Out of Rick's Vulcain x Tracy breeding.
Just thought I'd share a video of some bite work from the club last week.

http://www.youtube.com/watch?v=h5Q9lMDTGK4

Thanks for watching.


----------



## Candy Eggert (Oct 28, 2008)

Nice work with your pup Alison :wink: It's difficult when watching to keep in mind he's only 6 months old. Great job!


----------



## Jeff Oehlsen (Apr 7, 2006)

You are doing well with him. Can't wait to see how you do trialing for three.


----------



## Diana Abel (Aug 31, 2009)

WOW! You both look great. I wish I could get my leash handling skills better. I'm trying, but I always feel like such a cluster****, especially with the long line. lol
Thanks for sharing & keep up the good work.


----------



## Richard Rutt (May 14, 2009)

Nice Alison, keep up the good work!


----------



## Shane Woodlief (Sep 9, 2009)

Nice work! Look like he was having a lot of fun as well.


----------



## Toran Scott (Mar 27, 2009)

Very nice looking dog Allison, seems to be very strong and confident for 6months and you are doing a nice job with him... Thanks for sharing the vid.
Toran


----------



## Alison Grubb (Nov 18, 2009)

Thanks everyone!
I'm really enjoying having this little guy around. He is so much fun to work with.


----------



## Martine Loots (Dec 28, 2009)

Nice pup! Confident and likes to work.
Question about the foundation for the grip. Why don't you hold him closer and on a collar in stead of a harness? Is this the usual way it is done for FR?
For NVBK we train this completely different. We hold them close and on a collar and we "place" him on the leg. Then we stay very close to him to make him dig deeper. Harnesses hardly ever are used. 
Is this the difference in technique between the 2 disciplines?


----------



## Richard Rutt (May 14, 2009)

Martine, 
In FR we judge the bite, only by the dogs ability to catch the decoy and NEVER let go until told to, regardles of what the decoys does. The decoy is constantly moving trying to make the dog miss and get the dog off the bite once he is on by different methods, that are controlled by the rules. Once a dog comes off the bite before the end of the exercise the decoy is supposed to increase his opposition to the dog. While we will spend time trying to develop full calm grips and teach the dog to push in if he gets the opportunity, Targeting and holding on become more important. here is one of my favorite videos of high level FR, and you will see what the Sport is supposed to look like when the top decoys go against the top dogs, This is what we are supposed to be training for.
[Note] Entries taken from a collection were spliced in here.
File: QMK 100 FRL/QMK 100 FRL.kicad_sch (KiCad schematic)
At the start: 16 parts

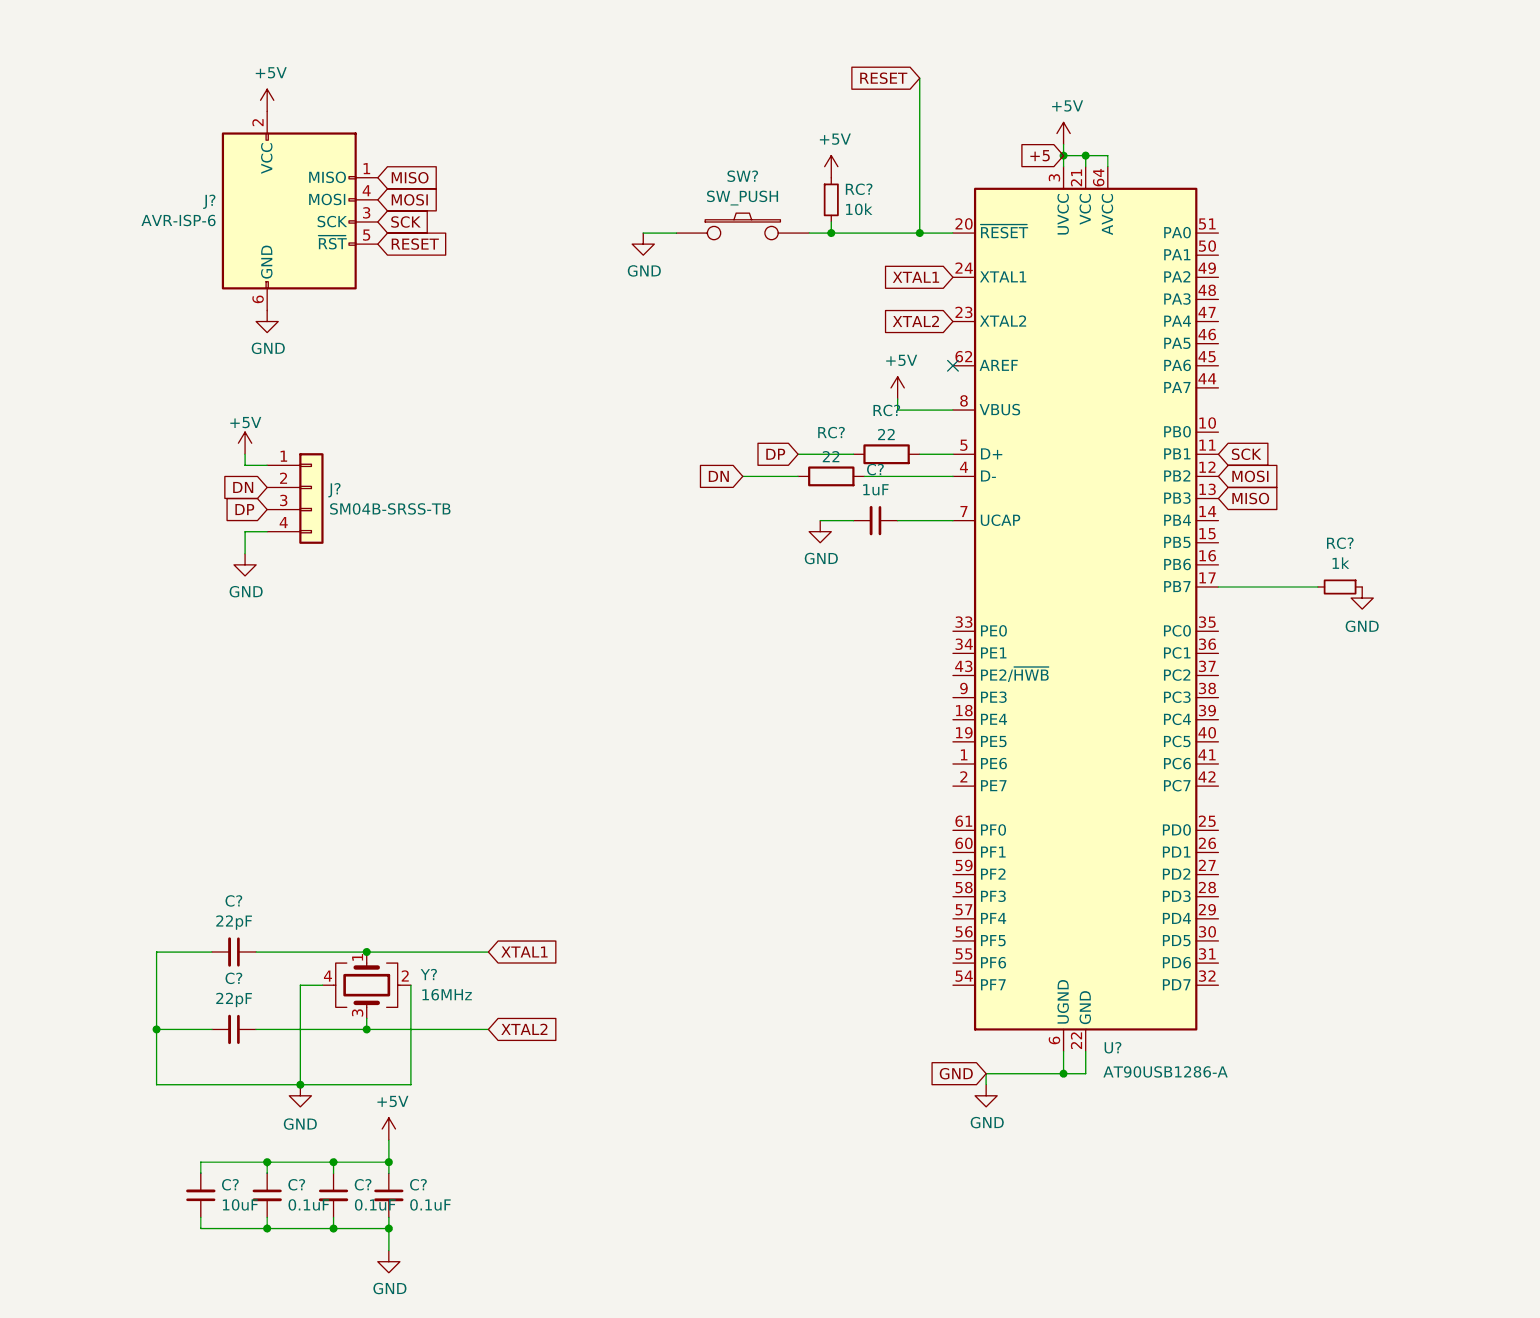
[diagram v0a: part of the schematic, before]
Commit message: Changed MCU
Changed MCU from ATMEL AT90USB1286-AUR to ATMEGA128A-AU which is the newest version.
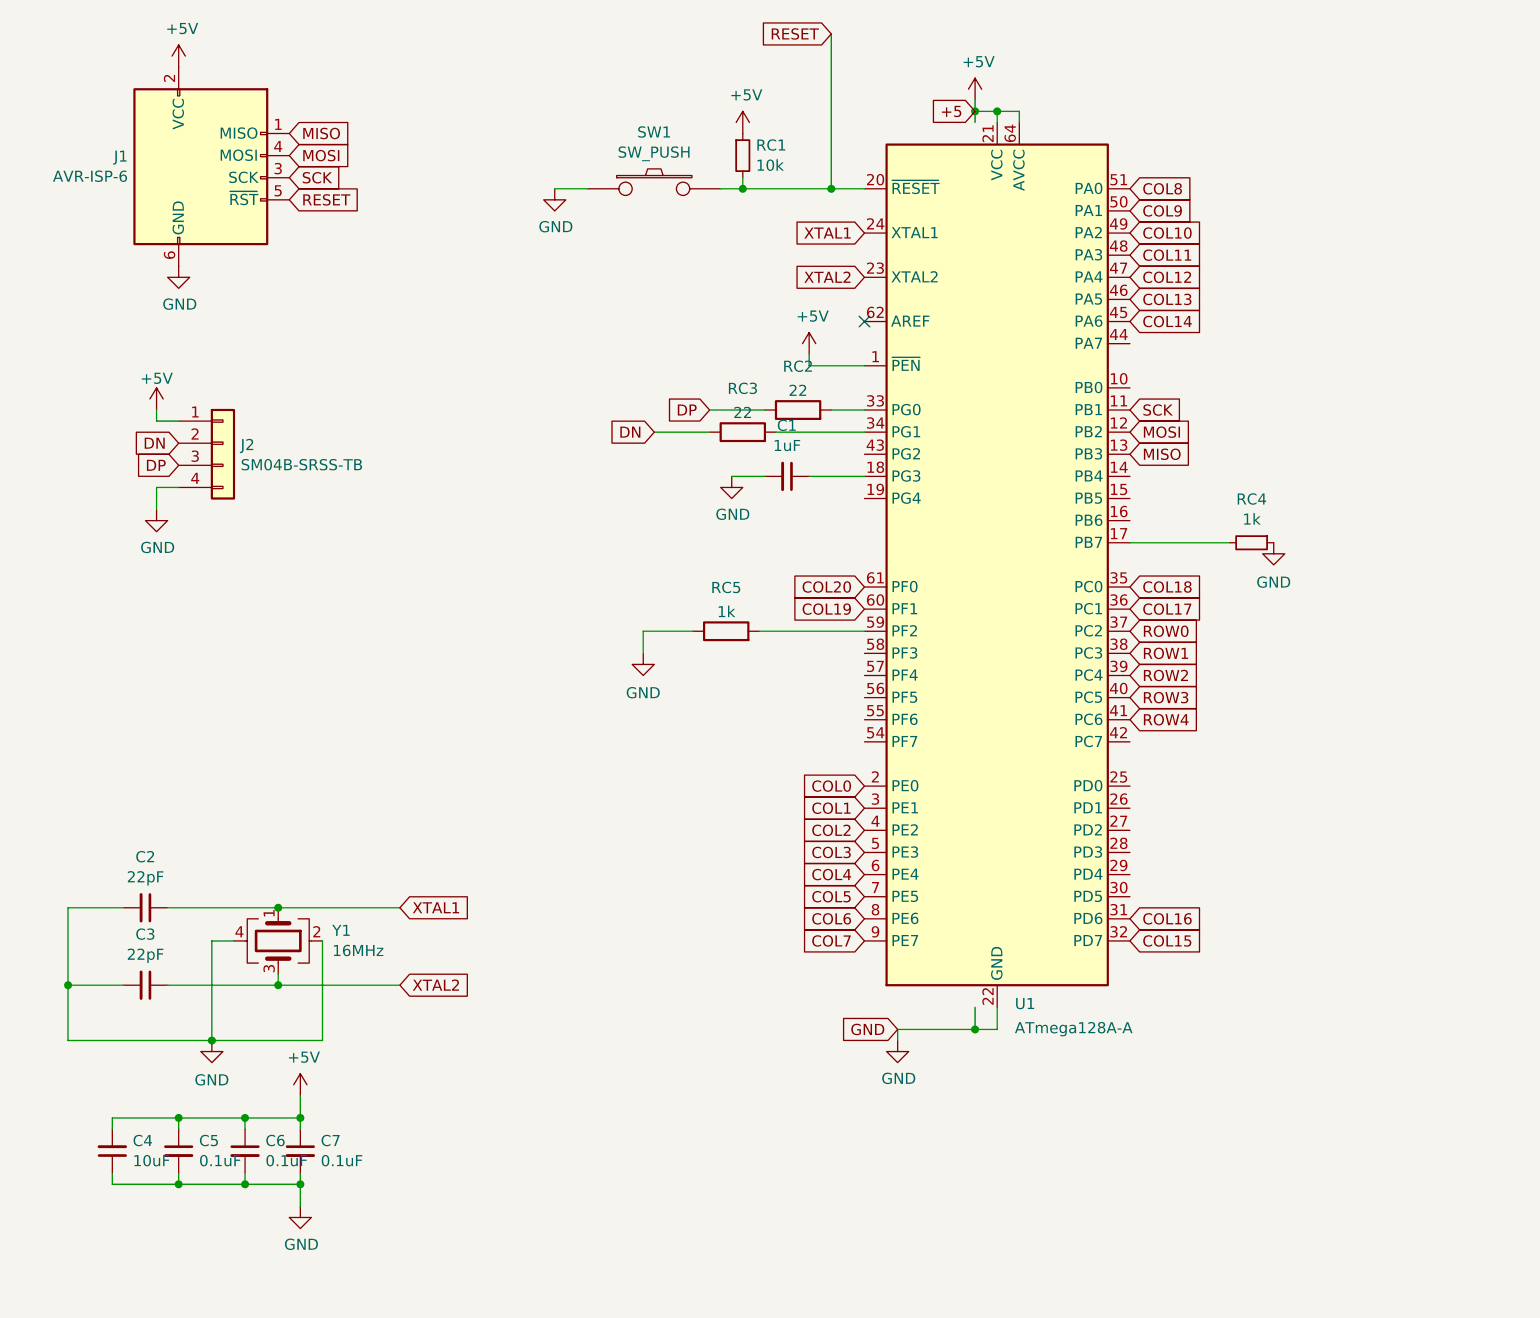
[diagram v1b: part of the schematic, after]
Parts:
- removed U?: AT90USB1286-A, Package_QFP:TQFP-64_14x14mm_P0.8mm, symbol MCU_Microchip_AVR:AT90USB1286-A
- added RC5: 1k, Resistor_SMD:R_0603_1608Metric, symbol Device:R
- added U1: ATmega128A-A, Package_QFP:TQFP-64_14x14mm_P0.8mm, symbol MCU_Microchip_ATmega:ATmega128A-A
- gave numbers to parts that had none: 15
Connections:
- net +5V: now also U1.1 (~{PEN}), U1.21 (VCC), U1.52 (VCC), U1.64 (AVCC)
- net GND: now also RC5.1, U1.22 (GND), U1.53 (GND), U1.63 (GND)
- net MISO: now also U1.13 (PB3)
- net MOSI: now also U1.12 (PB2)
- net RESET: now also U1.20 (~{RESET})
- net SCK: now also U1.11 (PB1)
- net XTAL1: now also U1.24 (XTAL1)
- net XTAL2: now also U1.23 (XTAL2)
- net at RC2.2: now also U1.33 (PG0)
- net at C1.1: now also U1.18 (PG3)
- net at RC4.2: now also U1.17 (PB7)
- net at RC3.2: now also U1.34 (PG1)
- new net: RC5.2, U1.59 (PF2)
- new net COL0: U1.2 (PE0)
- new net COL1: U1.3 (PE1)
- new net COL10: U1.49 (PA2)
- new net COL11: U1.48 (PA3)
- new net COL12: U1.47 (PA4)
- new net COL13: U1.46 (PA5)
- new net COL14: U1.45 (PA6)
- new net COL15: U1.32 (PD7)
- new net COL16: U1.31 (PD6)
- new net COL17: U1.36 (PC1)
- new net COL18: U1.35 (PC0)
- new net COL19: U1.60 (PF1)
- new net COL2: U1.4 (PE2)
- new net COL20: U1.61 (PF0)
- new net COL3: U1.5 (PE3)
- new net COL4: U1.6 (PE4)
- new net COL5: U1.7 (PE5)
- new net COL6: U1.8 (PE6)
- new net COL7: U1.9 (PE7)
- new net COL8: U1.51 (PA0)
- new net COL9: U1.50 (PA1)
- new net ROW0: U1.37 (PC2)
- new net ROW1: U1.38 (PC3)
- new net ROW2: U1.39 (PC4)
- new net ROW3: U1.40 (PC5)
- new net ROW4: U1.41 (PC6)
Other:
- moved on the sheet: C1, C2, C3, C4, C5, C6, C7, J1, J2, RC1, RC2, RC3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

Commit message: working on schematice
adding new items to the pcb using STM32F072CBT6 MCU and resources
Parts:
- removed C1: 1uF, Capacitor_SMD:C_0603_1608Metric, symbol Device:C_Small
- removed C2, C3: 22pF, Capacitor_SMD:C_0603_1608Metric, symbol Device:C_Small
- removed C4: 10uF, Capacitor_SMD:C_0603_1608Metric, symbol Device:C_Small
- removed C5, C6, C7: 0.1uF, Capacitor_SMD:C_0603_1608Metric, symbol Device:C_Small
- removed J1: AVR-ISP-6, random-keyboard-parts:Reset_Pretty-Mask, symbol Connector:AVR-ISP-6
- removed RC1: 10k, Resistor_SMD:R_0603_1608Metric, symbol Device:R_Small
- removed RC2, RC3: 22, Resistor_SMD:R_0603_1608Metric, symbol Device:R
- removed RC4: 1k, Resistor_SMD:R_0603_1608Metric, symbol Device:R_Small
- removed RC5: 1k, Resistor_SMD:R_0603_1608Metric, symbol Device:R
- removed SW1: SW_PUSH, random-keyboard-parts:SKQG-1155865, symbol Keyboard_Parts:SW_PUSH
- removed U1: ATmega128A-A, Package_QFP:TQFP-64_14x14mm_P0.8mm, symbol MCU_Microchip_ATmega:ATmega128A-A
- removed Y1: 16MHz, Crystal:Crystal_SMD_3225-4Pin_3.2x2.5mm, symbol Device:Crystal_GND24
- added C? (x12): C_Small, symbol Device:C_Small
- added D?: D_Schottky, symbol Device:D_Schottky
- added Q?: 2N7002, Package_TO_SOT_SMD:SOT-23, symbol Transistor_FET:2N7002
- added R? (x3): R_Small, symbol Device:R_Small
- added SW?: SW_Push, symbol Switch:SW_Push
- added U?: XC6206PxxxMR, Package_TO_SOT_SMD:SOT-23, symbol Regulator_Linear:XC6206PxxxMR
- added U?: STM32F072CBUx, Package_DFN_QFN:QFN-48-1EP_7x7mm_P0.5mm_EP5.6x5.6mm, symbol MCU_ST_STM32F0:STM32F072CBUx
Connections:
- net +5V: now also C?.1, D?.1 (K)
- net DN: now also U?.32 (PA11)
- net DP: now also U?.33 (PA12)
- net GND: now also C?.1, C?.1, C?.1, C?.1, C?.1, C?.1, C?.1, C?.2, C?.2, Q?.2 (S), R?.2, R?.2, U?.23 (VSS), U?.35 (VSS), U?.47 (VSS), U?.8 (VSSA)
- new net: C?.2, C?.2, U?.1 (GND)
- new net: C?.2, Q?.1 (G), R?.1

Here is a video of Herve Jacopit in the 1999 Final to the Championat de France.
IMO Jacopit was one of the best ever, these are great videos, Herve was not fast, but he had power, timing, and presence, and he knew how to take an exercise apart and exploit the weaknesses of the training and the dog! 

http://www.dailymotion.com/user/jacopit/video/x92ug5_finale-ring-face-et-gaf-jacopit-le_sport

http://www.dailymotion.com/related/x92ug5/video/x9390m_le-puy-1999-part-2_sport


----------



## Martine Loots (Dec 28, 2009)

Richard Rutt said:


> Martine,
> *In FR we judge the bite, only by the dogs ability to catch the decoy and NEVER let go until told to, regardles of what the decoys does.* The decoy is constantly moving trying to make the dog miss and get the dog off the bite once he is on by different methods, that are controlled by the rules. Once a dog comes off the bite before the end of the exercise the decoy is supposed to increase his opposition to the dog. While we will spend time trying to develop full calm grips and teach the dog to push in if he gets the opportunity, Targeting and holding on become more important. here is one of my favorite videos of high level FR, and you will see what the Sport is supposed to look like when the top decoys go against the top dogs, This is what we are supposed to be training for.
> 
> Here is a video of Herve Jacopit in the 1999 Final to the Championat de France.
> ...


Yes, I know that targeting is the most important for FR, but I was just wondering whether you also train on the quality of the grips. 
We train esquives too to give the dogs experience, although we don't need it in a trial and I was wondering if you guys do those things too for the grip. I know MR people over here train on the grips too, That's why I asked about FR.


----------



## Jeff Oehlsen (Apr 7, 2006)

Quote: Here is a video of Herve Jacopit in the 1999 Final to the Championat de France.
IMO Jacopit was one of the best ever, these are great videos, Herve was not fast, but he had power, timing, and presence, and he knew how to take an exercise apart and exploit the weaknesses of the training and the dog! 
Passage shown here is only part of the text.